# Internal affairs cop quits state force



## j809 (Jul 5, 2002)

*Internal affairs cop quits state force*
By Maureen Boyle, Enterprise staff writer

The head of the state police internal affairs section is quitting the force, claiming top brass are letting too many members of the department get away with a slap on the wrist for wrongdoing.

Major John Burns, one of the highest ranking minority officers on the state police, said his disciplinary recommendations were regularly overturned, despite his objections, including in cases where he believed laws were broken.

But state police Col. Thomas J. Foley said that's not true and Burns never brought any concerns to him about criminal misconduct going unpunished.

"The suggestion that this department condones any type of criminal conduct by a member is outrageous," Foley said in a statement issued Monday night after learning of Burns' allegations.

He said he has ordered Burns to immediately submit a written report with all information concerning his allegations so "that I may determine if a complete and thorough investigation is warranted."

"At no time have I ever condoned or tolerated allegations of criminal misconduct. I will continue to hold members accountable for their actions when the facts presented clearly support it," Foley said.

Burns, formerly of Brockton, declined Monday to detail cases where his disciplinary recommendations were overturned or provide other information about those cases until after he formally leaves the state police on Friday. He has been the deputy commander of standards and training for the past five years and has been responsible for internal affairs investigations.

"We took an oath as police officers to uphold the law, and conduct that violates that to me is unacceptable, period," Burns said.

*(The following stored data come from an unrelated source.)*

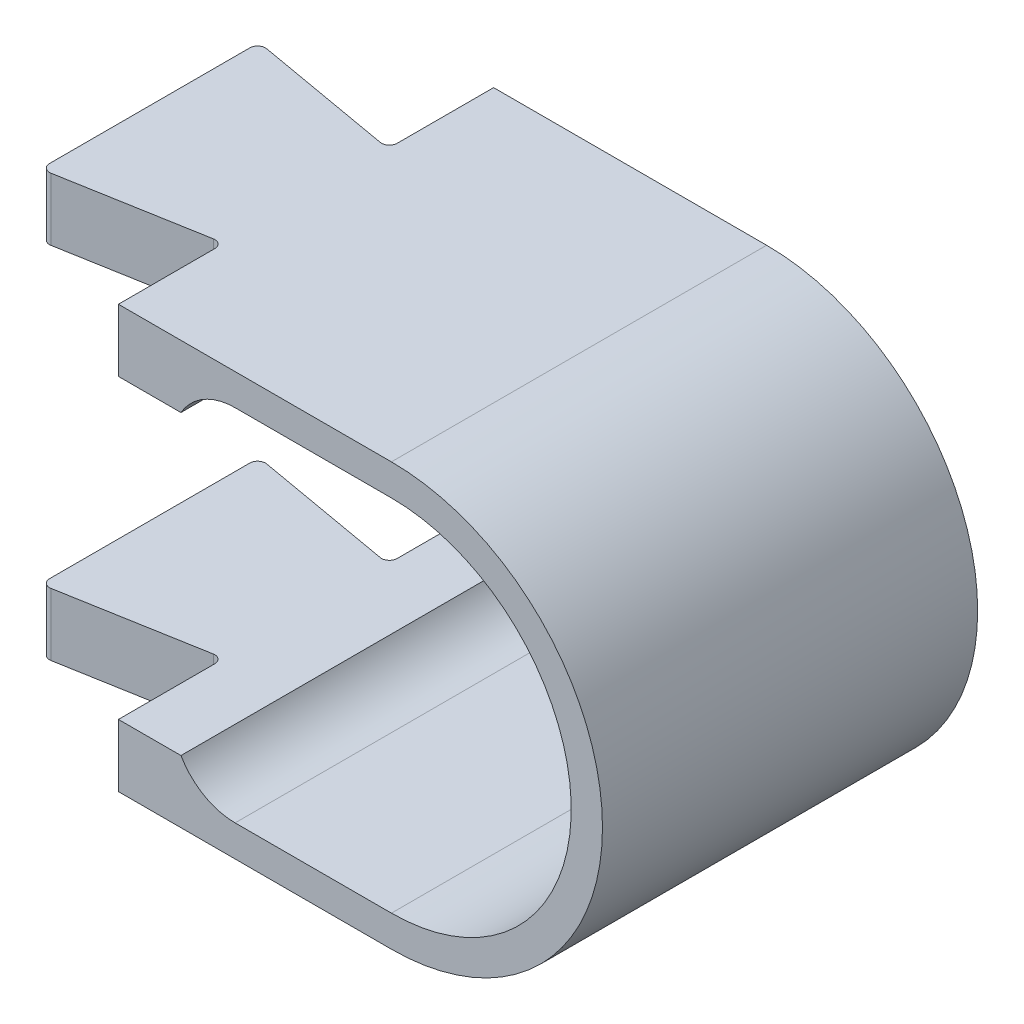
ISO-10303-21;
HEADER;
FILE_DESCRIPTION(('STEP AP214'),'2;1');
FILE_NAME('part.step','',(''),(''),'','','');
FILE_SCHEMA(('AUTOMOTIVE_DESIGN { 1 0 10303 214 1 1 1 1 }'));
ENDSEC;
DATA;
#1=APPLICATION_CONTEXT('core data for automotive mechanical design processes');
#2=APPLICATION_PROTOCOL_DEFINITION('international standard','automotive_design',2000,#1);
#3=PRODUCT_CONTEXT('',#1,'mechanical');
#4=PRODUCT('Part','Part','',(#3));
#5=PRODUCT_RELATED_PRODUCT_CATEGORY('part','',(#4));
#6=PRODUCT_DEFINITION_FORMATION('','',#4);
#7=PRODUCT_DEFINITION_CONTEXT('part definition',#1,'design');
#8=PRODUCT_DEFINITION('design','',#6,#7);
#9=PRODUCT_DEFINITION_SHAPE('','',#8);
#10=(LENGTH_UNIT() NAMED_UNIT(*) SI_UNIT(.MILLI.,.METRE.));
#11=(NAMED_UNIT(*) PLANE_ANGLE_UNIT() SI_UNIT($,.RADIAN.));
#12=(NAMED_UNIT(*) SI_UNIT($,.STERADIAN.) SOLID_ANGLE_UNIT());
#13=UNCERTAINTY_MEASURE_WITH_UNIT(LENGTH_MEASURE(1.E-05),#10,'distance_accuracy_value','');
#14=(GEOMETRIC_REPRESENTATION_CONTEXT(3) GLOBAL_UNCERTAINTY_ASSIGNED_CONTEXT((#13)) GLOBAL_UNIT_ASSIGNED_CONTEXT((#10,
#11,#12)) REPRESENTATION_CONTEXT('',''));
#15=CARTESIAN_POINT('',(0.,0.,0.));
#16=DIRECTION('',(0.,0.,1.));
#17=DIRECTION('',(1.,0.,0.));
#18=AXIS2_PLACEMENT_3D('',#15,#16,#17);
#19=CARTESIAN_POINT('',(0.,2.,0.));
#20=DIRECTION('',(0.,-1.,0.));
#21=DIRECTION('',(0.,0.,-1.));
#22=AXIS2_PLACEMENT_3D('',#19,#20,#21);
#23=PLANE('',#22);
#24=DIRECTION('',(1.,0.,0.));
#25=VECTOR('',#24,1.);
#26=CARTESIAN_POINT('',(-15.,2.,6.));
#27=LINE('',#26,#25);
#28=CARTESIAN_POINT('',(-15.,2.,6.));
#29=VERTEX_POINT('',#28);
#30=CARTESIAN_POINT('',(-13.,2.,6.));
#31=VERTEX_POINT('',#30);
#32=EDGE_CURVE('E364',#29,#31,#27,.T.);
#33=ORIENTED_EDGE('',*,*,#32,.T.);
#34=DIRECTION('',(0.,0.,1.));
#35=VECTOR('',#34,1.);
#36=CARTESIAN_POINT('',(-13.,2.,-6.));
#37=LINE('',#36,#35);
#38=CARTESIAN_POINT('',(-13.,2.,-6.));
#39=VERTEX_POINT('',#38);
#40=EDGE_CURVE('E346',#39,#31,#37,.T.);
#41=ORIENTED_EDGE('',*,*,#40,.F.);
#42=DIRECTION('',(-1.,0.,0.));
#43=VECTOR('',#42,1.);
#44=CARTESIAN_POINT('',(-15.,2.,-6.));
#45=LINE('',#44,#43);
#46=CARTESIAN_POINT('',(-15.,2.,-6.));
#47=VERTEX_POINT('',#46);
#48=EDGE_CURVE('E350',#39,#47,#45,.T.);
#49=ORIENTED_EDGE('',*,*,#48,.T.);
#50=DIRECTION('',(0.,0.,1.));
#51=VECTOR('',#50,1.);
#52=CARTESIAN_POINT('',(-15.,2.,-2.61836509645765));
#53=LINE('',#52,#51);
#54=CARTESIAN_POINT('',(-15.,2.,-2.91630349460621));
#55=VERTEX_POINT('',#54);
#56=EDGE_CURVE('E352',#47,#55,#53,.T.);
#57=ORIENTED_EDGE('',*,*,#56,.T.);
#58=CARTESIAN_POINT('',(-15.25,2.,-2.91630349460621));
#59=DIRECTION('',(0.,-1.,0.));
#60=DIRECTION('',(0.,0.,-1.));
#61=AXIS2_PLACEMENT_3D('',#58,#59,#60);
#62=CIRCLE('',#61,0.25);
#63=CARTESIAN_POINT('',(-15.2934120444167,2.,-2.67010155635316));
#64=VERTEX_POINT('',#63);
#65=EDGE_CURVE('E63',#55,#64,#62,.T.);
#66=ORIENTED_EDGE('',*,*,#65,.T.);
#67=DIRECTION('',(-0.984807753012207,0.,-0.173648177666934));
#68=VECTOR('',#67,1.);
#69=CARTESIAN_POINT('',(-15.,2.,-2.61836509645765));
#70=LINE('',#69,#68);
#71=CARTESIAN_POINT('',(-19.7065879555833,2.,-3.4482635401045));
#72=VERTEX_POINT('',#71);
#73=EDGE_CURVE('E354',#64,#72,#70,.T.);
#74=ORIENTED_EDGE('',*,*,#73,.T.);
#75=CARTESIAN_POINT('',(-19.75,2.,-3.20206160185145));
#76=DIRECTION('',(0.,-1.,0.));
#77=DIRECTION('',(0.,0.,-1.));
#78=AXIS2_PLACEMENT_3D('',#75,#76,#77);
#79=CIRCLE('',#78,0.25);
#80=CARTESIAN_POINT('',(-20.,2.,-3.20206160185145));
#81=VERTEX_POINT('',#80);
#82=EDGE_CURVE('E404',#72,#81,#79,.F.);
#83=ORIENTED_EDGE('',*,*,#82,.T.);
#84=DIRECTION('',(0.,0.,1.));
#85=VECTOR('',#84,1.);
#86=CARTESIAN_POINT('',(-20.,2.,-3.5));
#87=LINE('',#86,#85);
#88=CARTESIAN_POINT('',(-20.,2.,3.20206160185145));
#89=VERTEX_POINT('',#88);
#90=EDGE_CURVE('E356',#81,#89,#87,.T.);
#91=ORIENTED_EDGE('',*,*,#90,.T.);
#92=CARTESIAN_POINT('',(-19.75,2.,3.20206160185145));
#93=DIRECTION('',(0.,-1.,0.));
#94=DIRECTION('',(0.,0.,-1.));
#95=AXIS2_PLACEMENT_3D('',#92,#93,#94);
#96=CIRCLE('',#95,0.25);
#97=CARTESIAN_POINT('',(-19.7065879555833,2.,3.4482635401045));
#98=VERTEX_POINT('',#97);
#99=EDGE_CURVE('E406',#89,#98,#96,.F.);
#100=ORIENTED_EDGE('',*,*,#99,.T.);
#101=DIRECTION('',(0.984807753012207,0.,-0.173648177666935));
#102=VECTOR('',#101,1.);
#103=CARTESIAN_POINT('',(-15.,2.,2.61836509645765));
#104=LINE('',#103,#102);
#105=CARTESIAN_POINT('',(-15.2934120444167,2.,2.67010155635316));
#106=VERTEX_POINT('',#105);
#107=EDGE_CURVE('E359',#98,#106,#104,.T.);
#108=ORIENTED_EDGE('',*,*,#107,.T.);
#109=CARTESIAN_POINT('',(-15.25,2.,2.91630349460621));
#110=DIRECTION('',(0.,-1.,0.));
#111=DIRECTION('',(0.,0.,-1.));
#112=AXIS2_PLACEMENT_3D('',#109,#110,#111);
#113=CIRCLE('',#112,0.25);
#114=CARTESIAN_POINT('',(-15.,2.,2.91630349460621));
#115=VERTEX_POINT('',#114);
#116=EDGE_CURVE('E416',#106,#115,#113,.T.);
#117=ORIENTED_EDGE('',*,*,#116,.T.);
#118=DIRECTION('',(0.,0.,1.));
#119=VECTOR('',#118,1.);
#120=CARTESIAN_POINT('',(-15.,2.,6.));
#121=LINE('',#120,#119);
#122=EDGE_CURVE('E362',#115,#29,#121,.T.);
#123=ORIENTED_EDGE('',*,*,#122,.T.);
#124=EDGE_LOOP('',(#33,#41,#49,#57,#66,#74,#83,#91,#100,#108,#117,#123));
#125=FACE_BOUND('',#124,.T.);
#126=ADVANCED_FACE('F41',(#125),#23,.F.);
#127=CARTESIAN_POINT('',(-15.,2.,-6.));
#128=DIRECTION('',(0.,0.,1.));
#129=DIRECTION('',(1.,0.,0.));
#130=AXIS2_PLACEMENT_3D('',#127,#128,#129);
#131=PLANE('',#130);
#132=CARTESIAN_POINT('',(-11.2679491924311,3.,-6.));
#133=DIRECTION('',(0.,0.,1.));
#134=DIRECTION('',(1.,0.,0.));
#135=AXIS2_PLACEMENT_3D('',#132,#133,#134);
#136=CIRCLE('',#135,2.);
#137=CARTESIAN_POINT('',(-11.2679491924311,1.,-6.));
#138=VERTEX_POINT('',#137);
#139=EDGE_CURVE('E11',#39,#138,#136,.T.);
#140=ORIENTED_EDGE('',*,*,#139,.T.);
#141=DIRECTION('',(-1.,0.,0.));
#142=VECTOR('',#141,1.);
#143=CARTESIAN_POINT('',(-11.2679491924311,1.,-6.));
#144=LINE('',#143,#142);
#145=CARTESIAN_POINT('',(-6.26794919243112,1.,-6.));
#146=VERTEX_POINT('',#145);
#147=EDGE_CURVE('E246',#146,#138,#144,.T.);
#148=ORIENTED_EDGE('',*,*,#147,.F.);
#149=CARTESIAN_POINT('',(-6.26794919243112,6.75,-6.));
#150=DIRECTION('',(0.,0.,-1.));
#151=DIRECTION('',(1.,0.,0.));
#152=AXIS2_PLACEMENT_3D('',#149,#150,#151);
#153=CIRCLE('',#152,5.75);
#154=CARTESIAN_POINT('',(-6.26794919243112,12.5,-6.));
#155=VERTEX_POINT('',#154);
#156=EDGE_CURVE('E338',#155,#146,#153,.T.);
#157=ORIENTED_EDGE('',*,*,#156,.F.);
#158=DIRECTION('',(-1.,0.,0.));
#159=VECTOR('',#158,1.);
#160=CARTESIAN_POINT('',(-11.2679491924311,12.5,-6.));
#161=LINE('',#160,#159);
#162=CARTESIAN_POINT('',(-11.2679491924311,12.5,-6.));
#163=VERTEX_POINT('',#162);
#164=EDGE_CURVE('E522',#155,#163,#161,.T.);
#165=ORIENTED_EDGE('',*,*,#164,.T.);
#166=CARTESIAN_POINT('',(-11.2679491924311,10.5,-6.));
#167=DIRECTION('',(0.,0.,-1.));
#168=DIRECTION('',(1.,0.,0.));
#169=AXIS2_PLACEMENT_3D('',#166,#167,#168);
#170=CIRCLE('',#169,2.);
#171=CARTESIAN_POINT('',(-13.,11.5,-6.));
#172=VERTEX_POINT('',#171);
#173=EDGE_CURVE('E327',#172,#163,#170,.T.);
#174=ORIENTED_EDGE('',*,*,#173,.F.);
#175=DIRECTION('',(-1.,0.,0.));
#176=VECTOR('',#175,1.);
#177=CARTESIAN_POINT('',(-15.,11.5,-6.));
#178=LINE('',#177,#176);
#179=CARTESIAN_POINT('',(-15.,11.5,-6.));
#180=VERTEX_POINT('',#179);
#181=EDGE_CURVE('E265',#172,#180,#178,.T.);
#182=ORIENTED_EDGE('',*,*,#181,.T.);
#183=DIRECTION('',(0.,1.,0.));
#184=VECTOR('',#183,1.);
#185=CARTESIAN_POINT('',(-15.,11.5,-6.));
#186=LINE('',#185,#184);
#187=CARTESIAN_POINT('',(-15.,13.5,-6.));
#188=VERTEX_POINT('',#187);
#189=EDGE_CURVE('E277',#180,#188,#186,.T.);
#190=ORIENTED_EDGE('',*,*,#189,.T.);
#191=DIRECTION('',(-1.,0.,0.));
#192=VECTOR('',#191,1.);
#193=CARTESIAN_POINT('',(-15.,13.5,-6.));
#194=LINE('',#193,#192);
#195=CARTESIAN_POINT('',(-6.26794919243112,13.5,-6.));
#196=VERTEX_POINT('',#195);
#197=EDGE_CURVE('E471',#196,#188,#194,.T.);
#198=ORIENTED_EDGE('',*,*,#197,.F.);
#199=CARTESIAN_POINT('',(-6.26794919243112,6.75,-6.));
#200=DIRECTION('',(0.,0.,1.));
#201=DIRECTION('',(1.,0.,0.));
#202=AXIS2_PLACEMENT_3D('',#199,#200,#201);
#203=CIRCLE('',#202,6.75);
#204=CARTESIAN_POINT('',(-6.26794919243112,0.,-6.));
#205=VERTEX_POINT('',#204);
#206=EDGE_CURVE('E252',#205,#196,#203,.T.);
#207=ORIENTED_EDGE('',*,*,#206,.F.);
#208=DIRECTION('',(-1.,0.,0.));
#209=VECTOR('',#208,1.);
#210=CARTESIAN_POINT('',(-15.,0.,-6.));
#211=LINE('',#210,#209);
#212=CARTESIAN_POINT('',(-15.,0.,-6.));
#213=VERTEX_POINT('',#212);
#214=EDGE_CURVE('E349',#205,#213,#211,.T.);
#215=ORIENTED_EDGE('',*,*,#214,.T.);
#216=DIRECTION('',(0.,-1.,0.));
#217=VECTOR('',#216,1.);
#218=CARTESIAN_POINT('',(-15.,2.,-6.));
#219=LINE('',#218,#217);
#220=EDGE_CURVE('E384',#47,#213,#219,.T.);
#221=ORIENTED_EDGE('',*,*,#220,.F.);
#222=ORIENTED_EDGE('',*,*,#48,.F.);
#223=EDGE_LOOP('',(#140,#148,#157,#165,#174,#182,#190,#198,#207,#215,#221,#222));
#224=FACE_BOUND('',#223,.T.);
#225=ADVANCED_FACE('F433',(#224),#131,.F.);
#226=CARTESIAN_POINT('',(-15.,2.,-2.61836509645765));
#227=DIRECTION('',(1.,0.,0.));
#228=DIRECTION('',(0.,0.,-1.));
#229=AXIS2_PLACEMENT_3D('',#226,#227,#228);
#230=PLANE('',#229);
#231=DIRECTION('',(0.,0.,1.));
#232=VECTOR('',#231,1.);
#233=CARTESIAN_POINT('',(-15.,0.,-2.61836509645765));
#234=LINE('',#233,#232);
#235=CARTESIAN_POINT('',(-15.,0.,-2.91630349460621));
#236=VERTEX_POINT('',#235);
#237=EDGE_CURVE('E369',#213,#236,#234,.T.);
#238=ORIENTED_EDGE('',*,*,#237,.T.);
#239=DIRECTION('',(0.,-1.,0.));
#240=VECTOR('',#239,1.);
#241=CARTESIAN_POINT('',(-15.,2.,-2.91630349460621));
#242=LINE('',#241,#240);
#243=EDGE_CURVE('E412',#236,#55,#242,.F.);
#244=ORIENTED_EDGE('',*,*,#243,.T.);
#245=ORIENTED_EDGE('',*,*,#56,.F.);
#246=ORIENTED_EDGE('',*,*,#220,.T.);
#247=EDGE_LOOP('',(#238,#244,#245,#246));
#248=FACE_BOUND('',#247,.T.);
#249=ADVANCED_FACE('F552',(#248),#230,.F.);
#250=CARTESIAN_POINT('',(-15.,2.,-2.61836509645765));
#251=DIRECTION('',(-0.173648177666934,0.,0.984807753012207));
#252=DIRECTION('',(0.984807753012208,0.,0.173648177666934));
#253=AXIS2_PLACEMENT_3D('',#250,#251,#252);
#254=PLANE('',#253);
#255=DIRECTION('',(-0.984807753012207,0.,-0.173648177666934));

Foley said he doesn't know what cases Burns is talking about. "It is difficult to respond to Major Burns' allegations as this is the first time he has brought them to my attention .... As Major Burns is well aware of, this department investigates all complaints of criminal misconduct. Furthermore, it has always been the practice of this department to refer any allegations of criminal misconduct or behavior to the district attorney or the attorney general's office for further determination," he said.

Over the years, a number of officers on the state police have been fired or prosecuted. Those cases ranged from instances where drug dealers had been tipped off to the theft of drug evidence.

Burns' attorney, Joel P. Suttenberg, said his client has been bothered for more than a year that disciplinary recommendations were overturned or "trivialized."

"That is why he is so frustrated," Suttenburg said. "His integrity is unquestioned."

Burns, who is formally retiring, said it is tough to leave the state police.

"It is fair to say I leave with a very heavy heart. It is a profession that I thoroughly loved and I am proud to be a member of the state police," he said.

Burns said he decided to leave the force for "ethical and moral" reasons because the small number of officers involved in wrongdoing are not being properly disciplined.

"I believe it serves to undermine the good will and discipline of the department but, more importantly, I believe it does a disservice to the public that we serve," he said.

Burns said wrongdoing cannot be tolerated by members of law enforcement.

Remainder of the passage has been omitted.